4) Adidas’ Speedfactory innovates the sneaker supply chain, but questions of scalability loom.   

What happened

  • In 2015, Adidas opened its first Speedfactory in Ansbach, Germany, where robots do most of the work, streamlining the supply chain and reducing the timeline for shoe production from the typical four months to just days. Last year, Adidas opened a second Speedfactory in Atlanta.
  • Speedfactory allows Adidas to cost-effectively test out different products in smaller batches and create customized shoes, while also digitizing the entire production process: each component in a sneaker can be traced to its source of origin, allowing the company to efficiently address any mistakes in production. The factories are also in much closer proximity to customers than the bulk of the company’s production, which happens in Asia.

Why it matters

  • Adidas and Nike are racing to push innovation forward in the footwear industry. In the future, plenty of this will come from using new materials, producing more customized products, and delivering them more quickly. The Speedfactory will be an essential tool to realize this future, but it won’t come easily. The factories are expensive, even when splitting the cost with a partner, and shifting to a distributed manufacturing model over a centralized one has not yet happened on a large scale, let alone with a company as large as Adidas.
  • While Adidas makes 360 million shoes a year, the Speedfactories can currently make about one million each. The focus seems to be on more forward-thinking and higher-end products that can take advantage of the modern factory’s capabilities, but it will be important to watch the expectations the company puts on these new initiatives, and if they become serious players or remain more niche offerings.   

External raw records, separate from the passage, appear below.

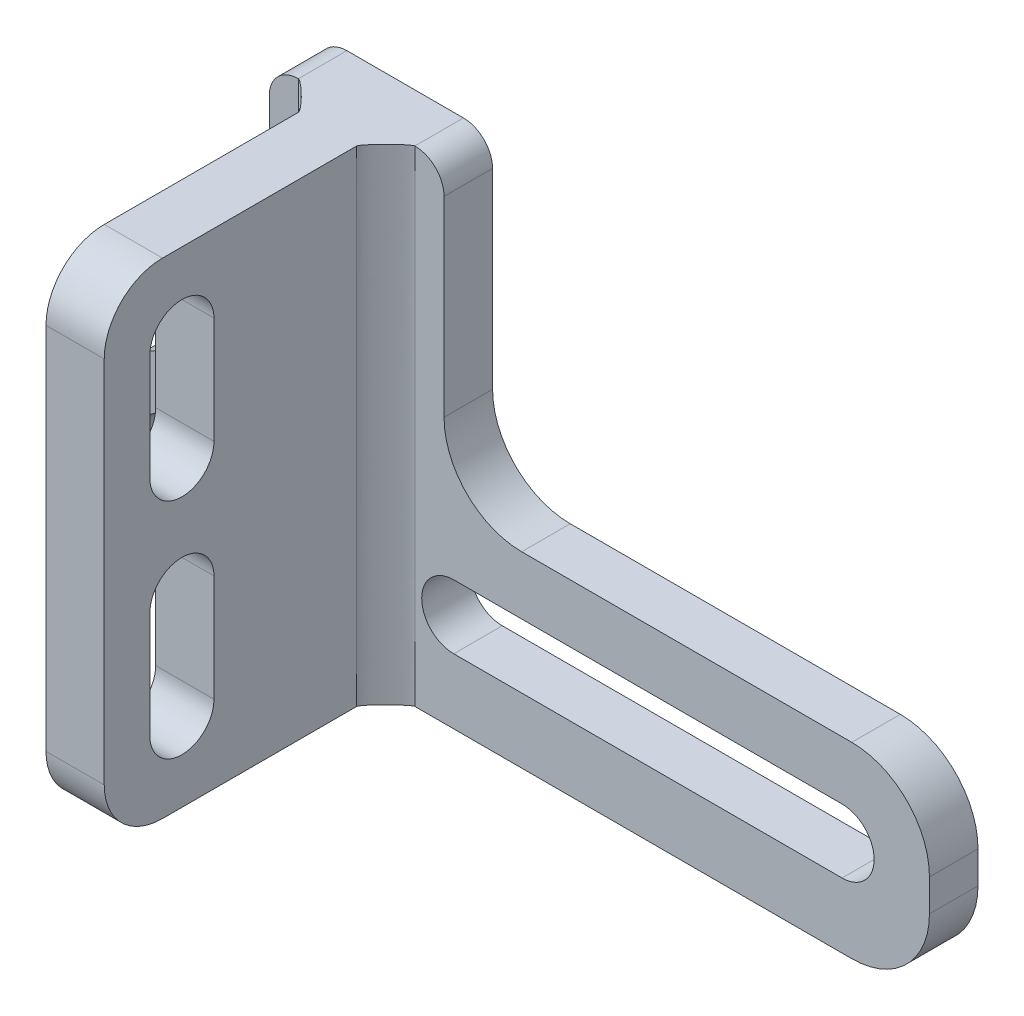
SolidWorks part; units mm, degrees
ref_plane "前视基准面" through (0, 0, 0) normal (0, 0, 1) x (1, 0, 0)
ref_plane "上视基准面" through (0, 0, 0) normal (0, 1, 0) x (1, 0, 0)
ref_plane "右视基准面" through (0, 0, 0) normal (1, 0, 0) x (0, 0, -1)
sketch "草图1" plane through (0, 0, 0) normal (0, 0, 1) x (1, 0, 0)
  line L1 (-21, -20) -> (21, -20)
  line L2 (-21, -20) -> (-21, 20)
  line L3 (-21, 20) -> (21, 20)
  line L4 (21, -20) -> (21, 20)
  line L5 (-21, -20) -> (21, 20) construction
  line L6 (-21, 20) -> (21, -20) construction
  point P0 (0, 0)
  dimension "D1" = 42
  dimension "D2" = 40
extrude "凸台-拉伸1" add sketch "草图1" along normal blind 2.5
sketch "草图2" plane through (0, 0, 2.5) normal (0, 0, 1) x (1, 0, 0)
  line L1 (-10, -5) -> (-7, -5)
  line L2 (-10, -5) -> (-10, 20)
  line L3 (-10, 20) -> (-7, 20)
  line L4 (-7, -5) -> (-7, 20)
  line L5 (-10, -5) -> (-7, 20) construction
  line L6 (-10, 20) -> (-7, -5) construction
  line L7 (21, 20) -> (-21, 20) construction
  point P0 (-8.5, 7.5)
  dimension "D1" = 3
  dimension "D2" = 7
  dimension "D3" = 25
extrude "凸台-拉伸2" add sketch "草图2" along normal blind 14.5
sketch "草图3" plane through (0, 0, 2.5) normal (0, 0, 1) x (1, 0, 0)
  line L0 (-12.2, 0) -> (12.2, 0) construction
  line L1 (0, 6.2294) -> (0, -3.9778) construction
  circle A0 centre (-13.7, 0) radius 1.5
  circle A1 centre (13.7, 0) radius 1.5
  dimension "D2" = 3
  dimension "D1" = 24.4
sketch "草图5" plane through (0, 0, 2.5) normal (0, 0, 1) x (1, 0, 0)
  line L0 (-18, 0) -> (-13.5, 0) construction
  line L1 (-12.2, 0) -> (12.2, 0) construction
  line L2 (-18, 1.65) -> (-13.5, 1.65)
  line L3 (-18, -1.65) -> (-13.5, -1.65)
  line L4 (-3.5, 0) -> (16.5, 0) construction
  line L5 (-3.5, 1.65) -> (16.5, 1.65)
  line L6 (-3.5, -1.65) -> (16.5, -1.65)
  line L7 (-10, 20) -> (-10, -5) construction
  line L8 (-7, -5) -> (-7, 20) construction
  arc A0 (-18, 1.65) -> (-18, -1.65) centre (-18, 0) ccw
  arc A1 (-13.5, -1.65) -> (-13.5, 1.65) centre (-13.5, 0) ccw
  arc A2 (-3.5, 1.65) -> (-3.5, -1.65) centre (-3.5, 0) ccw
  arc A3 (16.5, -1.65) -> (16.5, 1.65) centre (16.5, 0) ccw
  point P4 (-15.75, 0)
  point P9 (6.5, 0)
  dimension "D1" = 1.65
  dimension "D3" = 1.65
  dimension "D2" = 3.5
  dimension "D4" = 4.5
  dimension "D5" = 3.5
  dimension "D6" = 20
extrude "切除-拉伸2" cut sketch "草图5" against normal through all
sketch "草图4" plane through (-7, 0, 0) normal (1, 0, 0) x (0, 0, -1)
  line L0 (-13, 16) -> (-13, 10.5) construction
  line L1 (-11.35, 16) -> (-11.35, 10.5)
  line L2 (-14.65, 16) -> (-14.65, 10.5)
  line L3 (-17, -5) -> (-17, 20) construction
  line L4 (-17, 7.5) -> (0, 7.5) construction
  line L6 (-17, -5) -> (-17, 20) construction
  line L7 (-17, 20) -> (-2.5, 20) construction
  line L8 (0, -20) -> (0, 20) construction
  line L9 (-13, -1) -> (-13, 4.5) construction
  line L10 (-11.35, -1) -> (-11.35, 4.5)
  line L11 (-14.65, -1) -> (-14.65, 4.5)
  arc A0 (-11.35, 16) -> (-14.65, 16) centre (-13, 16) ccw
  arc A1 (-14.65, 10.5) -> (-11.35, 10.5) centre (-13, 10.5) ccw
  arc A2 (-11.35, -1) -> (-14.65, -1) centre (-13, -1) cw
  arc A3 (-14.65, 4.5) -> (-11.35, 4.5) centre (-13, 4.5) cw
  point P2 (-13, 13.25)
  point P19 (-13, 1.75)
  dimension "D1" = 1.65
  dimension "D2" = 3
  dimension "D3" = 4
  dimension "D4" = 4
extrude "切除-拉伸3" cut sketch "草图4" against normal through all
sketch "草图6" plane through (0, 0, 2.5) normal (0, 0, 1) x (1, 0, 0)
  line L0 (21, -20) -> (21, 20) construction
  line L1 (-21, -20) -> (21, -20)
  line L2 (-21, -20) -> (-21, -5)
  line L3 (-21, -5) -> (21, -5)
  line L4 (21, -20) -> (21, -5)
  line L5 (-10, -5) -> (-7, -5) construction
extrude "切除-拉伸4" cut sketch "草图6" against normal through all
sketch "草图7" plane through (0, 0, 2.5) normal (0, 0, 1) x (1, 0, 0)
  line L0 (-10, 20) -> (-10, -5) construction
  line L1 (-21, 20) -> (-13, 20)
  line L2 (-21, 20) -> (-21, 4.65)
  line L3 (-21, 4.65) -> (-17, 4.65)
  line L4 (-13, 20) -> (-13, 8.65)
  line L5 (21, 20) -> (-4, 20)
  line L6 (21, 20) -> (21, 4.65)
  line L7 (21, 4.65) -> (0, 4.65)
  line L8 (-4, 20) -> (-4, 8.65)
  line L9 (-13.5, 1.65) -> (-18, 1.65) construction
  line L10 (-7, -5) -> (-7, 20) construction
  arc A0 (0, 4.65) -> (-4, 8.65) centre (0, 8.65) cw
  arc A1 (-13, 8.65) -> (-17, 4.65) centre (-17, 8.65) cw
  dimension "D4" = 4
  dimension "D1" = 3
  dimension "D2" = 3
  dimension "D3" = 3
extrude "切除-拉伸5" cut sketch "草图7" against normal through all
fillet "圆角2" radius 3 2 edges at (-8.5, 20, 17) (-8.5, -5, 17)
fillet "圆角3" radius 1.5 2 edges
fillet "圆角4" radius 1.5 2 edges at (-4, 20, 1.25) (-13, 20, 1.25)
fillet "圆角5" radius 4 4 edges at (-21, -5, 1.25) (-21, 4.65, 1.25) (21, -5, 1.25) (21, 4.65, 1.25)
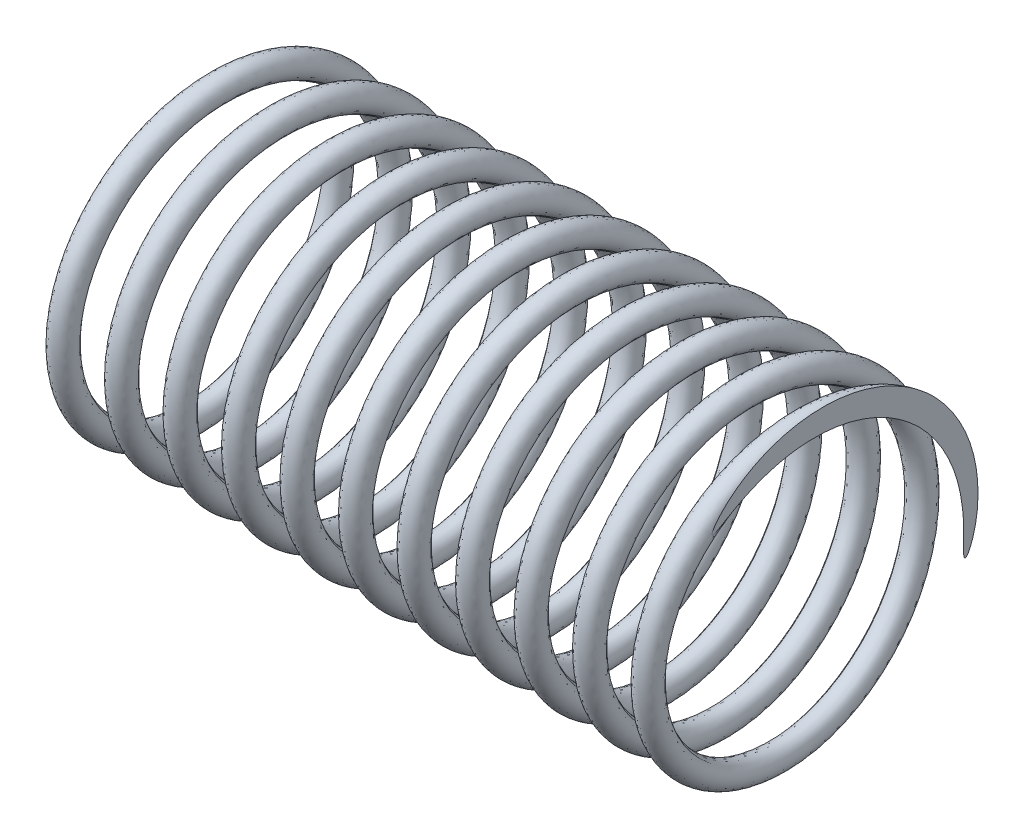
SolidWorks part; units mm, degrees
note: '?' marks a value the reader was unsure of.
material "SPRING STEEL ASTM A 229"
ref_plane "Front Plane" through (0, 0, 0) normal (0, 0, 1) x (1, 0, 0)
ref_plane "Top Plane" through (0, 0, 0) normal (0, 1, 0) x (1, 0, 0)
ref_plane "Right Plane" through (0, 0, 0) normal (1, 0, 0) x (0, 0, -1)
sketch "Sketch1" plane through (0, 0, 0) normal (1, 0, 0) x (0, 0, -1)
  circle A0 centre (0, 0) radius 3.1
  dimension "D1" = 6.2
curve "Helix/Spiral1" pitch 1.2 height 26 turns 21.6667
sketch "Sketch2" plane through (0, 0, 0) normal (0, 1, 0) x (1, 0, 0)
  circle A0 centre (0, 3.1) radius 0.25
  spline S0 degree 3 poles (0, 3.1) (0.0249, 3.1) (0.0752, 2.938) (0.1503, 2.2459) (0.2254, 1.2106) (0.3006, -0.0096) (0.3757, -1.2284) (0.4509, -2.2595) (0.526, -2.9453) (0.6012, -3.181) (0.6763, -2.9305) (0.7514, -2.2322) (0.8266, -1.1928) (0.9017, 0.0289) (0.9769, 1.2462) (1.052, 2.273) (1.1272, 2.9525) (1.2023, 3.1808) (1.2775, 2.923) (1.3526, 2.2185) (1.4277, 1.1749) (1.5029, -0.0481) (1.578, -1.2639) (1.6532, -2.2865) (1.7283, -2.9596) (1.8035, -3.1805) (1.8786, -2.9153) (1.9538, -2.2046) (2.0289, -1.157) (2.104, 0.0674) (2.1792, 1.2815) (2.2543, 2.2998) (2.3295, 2.9666) (2.4046, 3.1801) (2.4798, 2.9076) (2.5549, 2.1907) (2.6301, 1.1391) (2.7052, -0.0866) (2.7803, -1.2991) (2.8555, -2.3131) (2.9306, -2.9735) (3.0058, -3.1796) (3.0809, -2.8997) (3.1561, -2.1767) (3.2312, -1.1211) (3.3064, 0.1059) (3.3815, 1.3167) (3.4566, 2.3262) (3.5318, 2.9803) (3.6069, 3.1789) (3.6821, 2.8917) (3.7572, 2.1626) (3.8324, 1.103) (3.9075, -0.1251) (3.9827, -1.3342) (4.0578, -2.3393) (4.1329, -2.987) (4.2081, -3.1782) (4.2832, -2.8837) (4.3584, -2.1485) (4.4335, -1.085) (4.5087, 0.1444) (4.5838, 1.3516) (4.659, 2.3523) (4.7341, 2.9935) (4.8092, 3.1773) (4.8844, 2.8755) (4.9595, 2.1342) (5.0347, 1.0668) (5.1098, -0.1636) (5.185, -1.369) (5.2601, -2.3652) (5.3353, -3) (5.4104, -3.1763) (5.4855, -2.8672) (5.5607, -2.1199) (5.6358, -1.0487) (5.711, 0.1828) (5.7861, 1.3864) (5.8613, 2.3781) (5.9364, 3.0064) (6.0116, 3.1752) (6.0867, 2.8588) (6.1618, 2.1055) (6.237, 1.0305) (6.3121, -0.202) (6.3873, -1.4037) (6.4624, -2.3908) (6.5376, -3.0126) (6.6127, -3.174) (6.6879, -2.8503) (6.763, -2.0911) (6.8382, -1.0122) (6.9133, 0.2213) (6.9884, 1.4209) (7.0636, 2.4035) (7.1387, 3.0187) (7.2139, 3.1726) (7.289, 2.8417) (7.3642, 2.0765) (7.4393, 0.994) (7.5145, -0.2405) (7.5896, -1.4381) (7.6647, -2.4161) (7.7399, -3.0247) (7.815, -3.1712) (7.8902, -2.833) (7.9653, -2.0619) (8.0405, -0.9757) (8.1156, 0.2597) (8.1908, 1.4553) (8.2659, 2.4285) (8.341, 3.0306) (8.4162, 3.1696) (8.4913, 2.8242) (8.5665, 2.0472) (8.6416, 0.9573) (8.7168, -0.2788) (8.7919, -1.4724) (8.8671, -2.4409) (8.9422, -3.0364) (9.0173, -3.1679) (9.0925, -2.8153) (9.1676, -2.0324) (9.2428, -0.9389) (9.3179, 0.298) (9.3931, 1.4894) (9.4682, 2.4532) (9.5434, 3.0421) (9.6185, 3.1661) (9.6936, 2.8063) (9.7688, 2.0176) (9.8439, 0.9205) (9.9191, -0.3172) (9.9942, -1.5064) (10.0694, -2.4654) (10.1445, -3.0477) (10.2197, -3.1642) (10.2948, -2.7971) (10.3699, -2.0026) (10.4451, -0.9021) (10.5202, 0.3363) (10.5954, 1.5233) (10.6705, 2.4776) (10.7457, 3.0532) (10.8208, 3.1622) (10.896, 2.7879) (10.9711, 1.9876) (11.0462, 0.8836) (11.1214, -0.3555) (11.1965, -1.5402) (11.2717, -2.4896) (11.3468, -3.0585) (11.422, -3.16) (11.4971, -2.7786) (11.5723, -1.9726) (11.6474, -0.8651) (11.7225, 0.3746) (11.7977, 1.557) (11.8728, 2.5015) (11.948, 3.0637) (12.0231, 3.1577) (12.0983, 2.7692) (12.1734, 1.9574) (12.2486, 0.8465) (12.3237, -0.3937) (12.3988, -1.5738) (12.474, -2.5134) (12.5491, -3.0689) (12.6243, -3.1554) (12.6994, -2.7596) (12.7746, -1.9422) (12.8497, -0.828) (12.9249, 0.4128) (13, 1.5905) (13.0751, 2.5251) (13.1503, 3.0739) (13.2254, 3.1529) (13.3006, 2.75) (13.3757, 1.9269) (13.4509, 0.8094) (13.526, -0.4319) (13.6012, -1.6072) (13.6763, -2.5368) (13.7514, -3.0788) (13.8266, -3.1502) (13.9017, -2.7403) (13.9769, -1.9116) (14.052, -0.7907) (14.1272, 0.451) (14.2023, 1.6237) (14.2775, 2.5484) (14.3526, 3.0836) (14.4277, 3.1475) (14.5029, 2.7305) (14.578, 1.8961) (14.6532, 0.772) (14.7283, -0.47) (14.8035, -1.6403) (14.8786, -2.5599) (14.9538, -3.0882) (15.0289, -3.1447) (15.104, -2.7205) (15.1792, -1.8806) (15.2543, -0.7534) (15.3295, 0.4891) (15.4046, 1.6567) (15.4798, 2.5712) (15.5549, 3.0928) (15.6301, 3.1417) (15.7052, 2.7105) (15.7803, 1.8651) (15.8555, 0.7346) (15.9306, -0.5081) (16.0058, -1.6731) (16.0809, -2.5825) (16.1561, -3.0972) (16.2312, -3.1386) (16.3064, -2.7004) (16.3815, -1.8494) (16.4566, -0.7159) (16.5318, 0.5271) (16.6069, 1.6895) (16.6821, 2.5937) (16.7572, 3.1016) (16.8324, 3.1354) (16.9075, 2.6901) (16.9827, 1.8337) (17.0578, 0.6971) (17.1329, -0.5461) (17.2081, -1.7058) (17.2832, -2.6048) (17.3584, -3.1058) (17.4335, -3.1321) (17.5087, -2.6798) (17.5838, -1.818) (17.659, -0.6783) (17.7341, 0.565) (17.8092, 1.722) (17.8844, 2.6158) (17.9595, 3.1099) (18.0347, 3.1287) (18.1098, 2.6694) (18.185, 1.8021) (18.2601, 0.6595) (18.3353, -0.584) (18.4104, -1.7382) (18.4855, -2.6267) (18.5607, -3.1139) (18.6358, -3.1252) (18.711, -2.6589) (18.7861, -1.7862) (18.8613, -0.6406) (18.9364, 0.6029) (19.0116, 1.7543) (19.0867, 2.6375) (19.1618, 3.1178) (19.237, 3.1215) (19.3121, 2.6483) (19.3873, 1.7703) (19.4624, 0.6218) (19.5376, -0.6218) (19.6127, -1.7703) (19.6879, -2.6483) (19.763, -3.1215) (19.8382, -3.1178) (19.9133, -2.6375) (19.9884, -1.7543) (20.0636, -0.6029) (20.1387, 0.6406) (20.2139, 1.7862) (20.289, 2.6589) (20.3642, 3.1252) (20.4393, 3.1139) (20.5145, 2.6267) (20.5896, 1.7382) (20.6647, 0.584) (20.7399, -0.6595) (20.815, -1.8021) (20.8902, -2.6694) (20.9653, -3.1287) (21.0405, -3.1099) (21.1156, -2.6158) (21.1908, -1.722) (21.2659, -0.565) (21.341, 0.6783) (21.4162, 1.818) (21.4913, 2.6798) (21.5665, 3.1321) (21.6416, 3.1058) (21.7168, 2.6048) (21.7919, 1.7058) (21.8671, 0.5461) (21.9422, -0.6971) (22.0173, -1.8337) (22.0925, -2.6901) (22.1676, -3.1354) (22.2428, -3.1016) (22.3179, -2.5937) (22.3931, -1.6895) (22.4682, -0.5271) (22.5434, 0.7159) (22.6185, 1.8494) (22.6936, 2.7004) (22.7688, 3.1386) (22.8439, 3.0972) (22.9191, 2.5825) (22.9942, 1.6731) (23.0694, 0.5081) (23.1445, -0.7346) (23.2197, -1.8651) (23.2948, -2.7105) (23.3699, -3.1417) (23.4451, -3.0928) (23.5202, -2.5712) (23.5954, -1.6567) (23.6705, -0.4891) (23.7457, 0.7534) (23.8208, 1.8806) (23.896, 2.7205) (23.9711, 3.1447) (24.0462, 3.0882) (24.1214, 2.5599) (24.1965, 1.6403) (24.2717, 0.47) (24.3468, -0.772) (24.422, -1.8961) (24.4971, -2.7305) (24.5723, -3.1475) (24.6474, -3.0836) (24.7225, -2.5484) (24.7977, -1.6237) (24.8728, -0.451) (24.948, 0.7907) (25.0231, 1.9116) (25.0983, 2.7403) (25.1734, 3.1502) (25.2486, 3.0788) (25.3237, 2.5368) (25.3988, 1.6072) (25.474, 0.4319) (25.5491, -0.8093) (25.6243, -1.9269) (25.6994, -2.75) (25.7746, -3.1529) (25.8497, -3.0736) (25.9248, -2.5262) (25.9751, -1.8998) (26, -1.55) knots 0 0 0 0 0.00289 0.00578 0.008671 0.011561 0.014451 0.017341 0.020231 0.023121 0.026012 0.028902 0.031792 0.034682 0.037572 0.040462 0.043353 0.046243 0.049133 0.052023 0.054913 0.057803 0.060694 0.063584 0.066474 0.069364 0.072254 0.075145 0.078035 0.080925 0.083815 0.086705 0.089595 0.092486 0.095376 0.098266 0.101156 0.104046 0.106936 0.109827 0.112717 0.115607 0.118497 0.121387 0.124277 0.127168 0.130058 0.132948 0.135838 0.138728 0.141618 0.144509 0.147399 0.150289 0.153179 0.156069 0.15896 0.16185 0.16474 0.16763 0.17052 0.17341 0.176301 0.179191 0.182081 0.184971 0.187861 0.190751 0.193642 0.196532 0.199422 0.202312 0.205202 0.208092 0.210983 0.213873 0.216763 0.219653 0.222543 0.225434 0.228324 0.231214 0.234104 0.236994 0.239884 0.242775 0.245665 0.248555 0.251445 0.254335 0.257225 0.260116 0.263006 0.265896 0.268786 0.271676 0.274566 0.277457 0.280347 0.283237 0.286127 0.289017 0.291908 0.294798 0.297688 0.300578 0.303468 0.306358 0.309249 0.312139 0.315029 0.317919 0.320809 0.323699 0.32659 0.32948 0.33237 0.33526 0.33815 0.34104 0.343931 0.346821 0.349711 0.352601 0.355491 0.358382 0.361272 0.364162 0.367052 0.369942 0.372832 0.375723 0.378613 0.381503 0.384393 0.387283 0.390173 0.393064 0.395954 0.398844 0.401734 0.404624 0.407514 0.410405 0.413295 0.416185 0.419075 0.421965 0.424855 0.427746 0.430636 0.433526 0.436416 0.439306 0.442197 0.445087 0.447977 0.450867 0.453757 0.456647 0.459538 0.462428 0.465318 0.468208 0.471098 0.473988 0.476879 0.479769 0.482659 0.485549 0.488439 0.491329 0.49422 0.49711 0.5 0.50289 0.50578 0.508671 0.511561 0.514451 0.517341 0.520231 0.523121 0.526012 0.528902 0.531792 0.534682 0.537572 0.540462 0.543353 0.546243 0.549133 0.552023 0.554913 0.557803 0.560694 0.563584 0.566474 0.569364 0.572254 0.575145 0.578035 0.580925 0.583815 0.586705 0.589595 0.592486 0.595376 0.598266 0.601156 0.604046 0.606936 0.609827 0.612717 0.615607 0.618497 0.621387 0.624277 0.627168 0.630058 0.632948 0.635838 0.638728 0.641618 0.644509 0.647399 0.650289 0.653179 0.656069 0.65896 0.66185 0.66474 0.66763 0.67052 0.67341 0.676301 0.679191 0.682081 0.684971 0.687861 0.690751 0.693642 0.696532 0.699422 0.702312 0.705202 0.708092 0.710983 0.713873 0.716763 0.719653 0.722543 0.725434 0.728324 0.731214 0.734104 0.736994 0.739884 0.742775 0.745665 0.748555 0.751445 0.754335 0.757225 0.760116 0.763006 0.765896 0.768786 0.771676 0.774566 0.777457 0.780347 0.783237 0.786127 0.789017 0.791908 0.794798 0.797688 0.800578 0.803468 0.806358 0.809249 0.812139 0.815029 0.817919 0.820809 0.823699 0.82659 0.82948 0.83237 0.83526 0.83815 0.84104 0.843931 0.846821 0.849711 0.852601 0.855491 0.858382 0.861272 0.864162 0.867052 0.869942 0.872832 0.875723 0.878613 0.881503 0.884393 0.887283 0.890173 0.893064 0.895954 0.898844 0.901734 0.904624 0.907514 0.910405 0.913295 0.916185 0.919075 0.921965 0.924855 0.927746 0.930636 0.933526 0.936416 0.939306 0.942197 0.945087 0.947977 0.950867 0.953757 0.956647 0.959538 0.962428 0.965318 0.968208 0.971098 0.973988 0.976879 0.979769 0.982659 0.985549 0.988439 0.991329 0.99422 0.99711 1 1 1 1 construction
  dimension "D1" = 0.5
sweep "Sweep1" add profiles "Sketch2" path "Helix/Spiral1"
sketch "Sketch3" plane through (0, 0, 0) normal (0, 0, 1) x (1, 0, 0)
  line L0 (0, 0) -> (28.1754, 0) construction
  line L1 (58, 6.4802) -> (13, 6.4802)
  line L2 (58, 6.4802) -> (58, -6.4802)
  line L3 (58, -6.4802) -> (13, -6.4802)
  line L4 (13, 6.4802) -> (13, -6.4802)
  line L5 (0, 4.7829) -> (-1.4284, 4.7829)
  line L6 (0, 4.7829) -> (0, -6.4802)
  line L7 (0, -6.4802) -> (-1.4284, -6.4802)
  line L8 (-1.4284, 4.7829) -> (-1.4284, -6.4802)
  dimension "D1" = 11.2631
  dimension "D2" = 1.4284
  dimension "D3" = 4.7829
  dimension "D4" = 45
  dimension "D5" = 13
  dimension "D6" = 12.9605
extrude "Cut-Extrude1" cut sketch "Sketch3" against normal through all and the other way through all
ref_axis "Axis1" through (-1.7699, 0, 0) along (1, 0, 0)?

5) ABC Carpet & Home sells the top floors of its flagship store, signaling that retailers and real estate developers alike will have to get creative to offset retail rent declines.

What happened

  • The deal between Normandy Real Estate Partners and the ABC Carpet & Home flagship building, which will convert the upper part of the building from retail space into office space, is one of a slew of other deals made by retailers that are reducing their footprints and/or redeveloping their spaces.
  • Lord & Taylor’s parent company Hudson’s Bay Co. sold parts of the department store’s flagship Fifth Avenue building to WeWork for its headquarters and other office space.

Why it matters

  • While retail real estate demand is falling, office space demand is rising—in the Flatiron district, where ABC Carpet & Home’s flagship store is located, only 10% of the neighborhood is available to companies seeking office space. Still, office space is significantly less costly; in 2017, Class A and B office space in Flatiron was an average of $71.84 per square foot whereas commercial space was $456 per square foot.  
  • ABC Carpet & Home has long been a pioneer among legacy retailers in adapting to transformations in the industry—it added three restaurants run by a celebrity chef and launched an area called Deepak HomeBase where Deepak Chopra holds events. Though it will keep its own corporate offices and lower-level retail space at its flagship location, the company pragmatically sees its store as an evolving concept. Its restaurants, for example, are furnished with ABC products, making dining at the ABC Building a shoppable, interactive experience. It also closed its Bronx outlet in June 2016, which put more focus on full-price products. Now the question is whether less space means higher sales per square foot for the company, or if the company could mitigate cutting square footage more effectively by shifting more to ecommerce.
  • Given the large discrepancy between retail and office rents, developers need to figure out if they should lease their properties to companies looking for office space, or hold out for flagship retail tenants. Either way, they will be making concessions on the rates they hoped for.